What the lawyers are not telling you about bankrupcy chapter 11...
The business world often uses the terms “business recovery
plan” and “disaster recovery plan” interchangeably.
In either case, the purpose of this plan is to save your business
from closing its doors forever when disaster strikes. This disaster
may be in the form of a natural disaster, such as the one that struck
business of business owners when Hurricane Katrina wreaked havoc
in Louisiana, or it may be a man-made disaster. Poor business decisions,
a down-turn in the economy, or even having your business taken advantage
of by a few dishonest companies or employees can also spell disaster
for your business.
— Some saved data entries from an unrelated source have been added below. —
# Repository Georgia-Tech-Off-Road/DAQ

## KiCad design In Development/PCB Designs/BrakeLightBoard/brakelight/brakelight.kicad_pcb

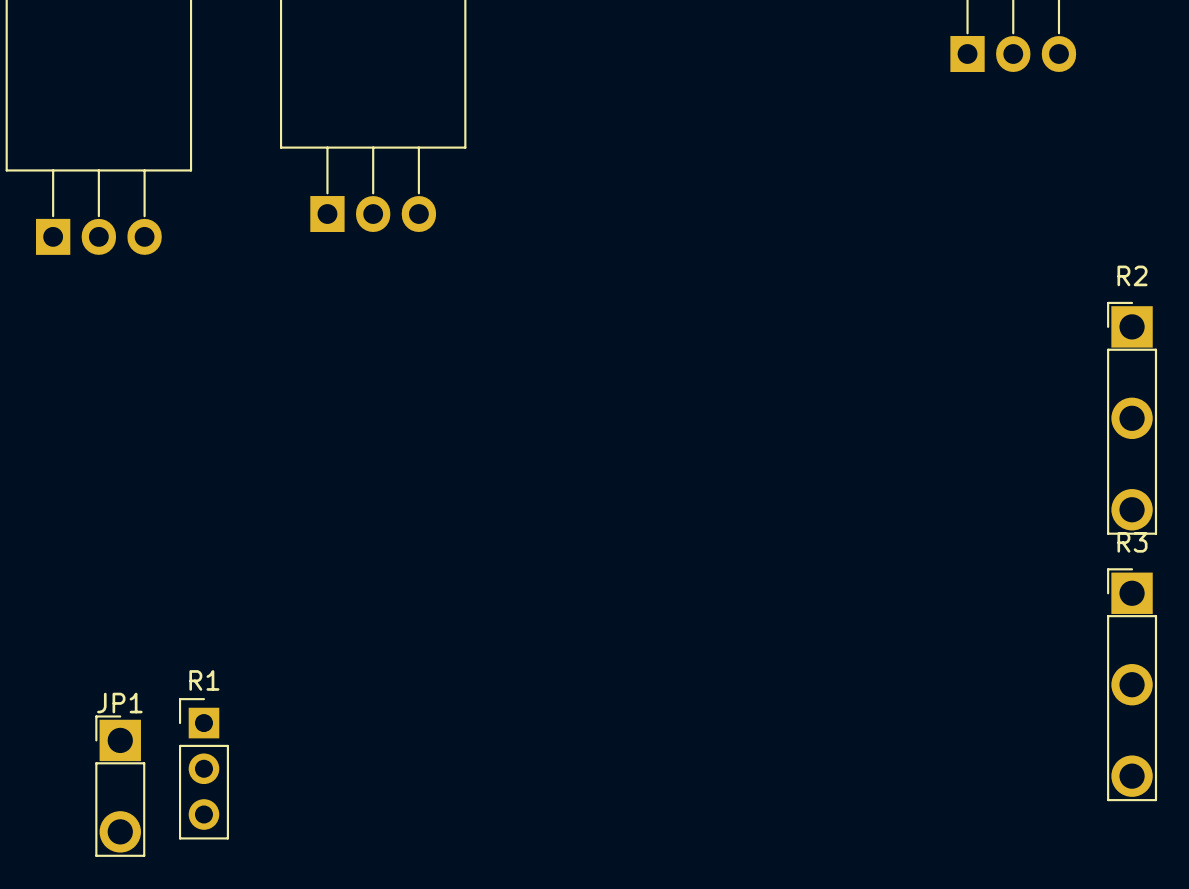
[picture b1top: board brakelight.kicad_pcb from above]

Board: 2 copper layers, 7 parts (0 on the bottom side), 3 nets, no tracks yet.

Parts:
IC3: 78XXL; TO-220-3_Horizontal_TabDown
JP1: PINHD-1X2; PinHeader_1x02_P5.08mm_Vertical
Q1, Q2: SUP75N06-08; TO-220-3_Horizontal_TabDown
R1: R-TRIMM74W; PinHeader_1x03_P2.54mm_Vertical
R2, R3: 100K; PinHeader_1x03_P5.08mm_Vertical

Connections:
GND: Q1.3, Q2.3, R1.3, R2.2, R3.2
unnamed: Q1.1, R2.1
unnamed: Q2.1, R3.1

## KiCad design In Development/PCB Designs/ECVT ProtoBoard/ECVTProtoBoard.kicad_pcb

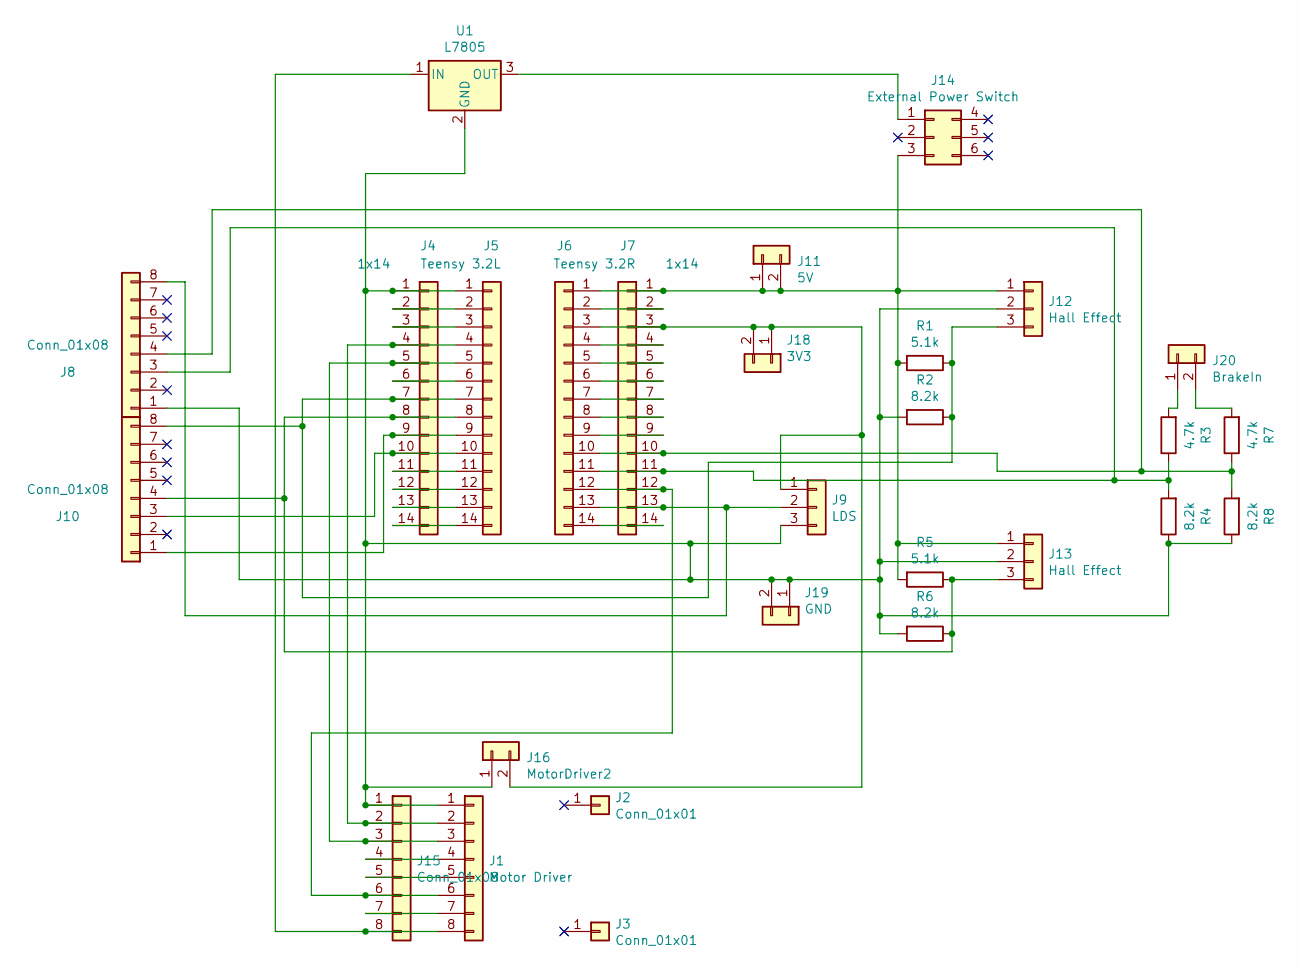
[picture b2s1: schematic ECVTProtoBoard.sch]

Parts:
J1: Motor Driver; PinHeader_1x08_P2.54mm_Vertical
J2, J3: Conn_01x01; PinHeader_1x01_P2.54mm_Vertical
J4, J7: 1x14; PinHeader_1x14_P2.54mm_Vertical
J5: Teensy 3.2L; PinHeader_1x14_P2.54mm_Vertical
J6: Teensy 3.2R; PinHeader_1x14_P2.54mm_Vertical
J8, J10: Conn_01x08; PinHeader_1x08_P2.00mm_Vertical
J9: LDS; PinHeader_1x03_P5.08mm_Vertical
J11: 5V; PinHeader_1x02_P2.54mm_Vertical
J12, J13: Hall Effect; PinHeader_1x03_P5.08mm_Vertical
J14: External Power Switch; PinHeader_2x03_P2.54mm_Vertical
J15: Conn_01x08; PinHeader_1x08_P2.54mm_Vertical
J16: MotorDriver2; PinHeader_1x02_P2.54mm_Vertical
J18: 3V3; PinHeader_1x02_P2.54mm_Vertical
J19: GND; PinHeader_1x02_P2.54mm_Vertical
J20: BrakeIn; PinHeader_1x02_P5.08mm_Vertical
R1, R5: 5.1k; R_Axial_DIN0207_L6.3mm_D2.5mm_P7.62mm_Horizontal
R2, R4, R6, R8: 8.2k; R_Axial_DIN0207_L6.3mm_D2.5mm_P7.62mm_Horizontal
R3, R7: 4.7k; R_Axial_DIN0207_L6.3mm_D2.5mm_P7.62mm_Horizontal
U1: L7805; TO-220-3_Horizontal_TabDown

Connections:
unnamed: J1.1, J4.1, J5.1, J8.1, J9.3, J12.2, J13.2, J15.1, J16.1, J19.1, J19.2, R2.2, R4.1, R6.2, R8.1, U1.2 (GND)
unnamed: J1.2, J4.4, J5.4, J15.2
unnamed: J1.3, J4.5, J5.5, J15.3
unnamed: J1.4, J15.4
unnamed: J1.5, J15.5
unnamed: J1.6, J6.12, J7.12, J15.6
unnamed: J1.7, J15.7
unnamed: J1.8, J15.8, U1.1 (IN)
unnamed: J4.2, J5.2
unnamed: J4.3, J5.3
unnamed: J4.6, J5.6
unnamed: J4.11, J5.11
unnamed: J4.12, J5.12
unnamed: J4.13, J5.13
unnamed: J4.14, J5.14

By having a business recovery plan in place before
disaster strikes, you will know exactly what you need to do to keep
your business from going belly up.
What to Include in Your Business Recovery Plan
Your business recovery plan should contain several items and you
should update it at least once every six months to ensure it accurately
reflects the current standing of your business. Your business recovery
plan also must detail which personnel and departments are responsible
for responding to specific situations. As a small business owner,
you may be responsible for overseeing many, if not all, of the departments
typically found in a larger corporation. If you have a partner, however,
or have hired other personnel to help you run your business, your
business recovery plan should specify who is responsible for taking
care of the various aspects of your business should disaster occur.
This way, there is no confusion when disaster does strike and your
business can take quick and decisive action.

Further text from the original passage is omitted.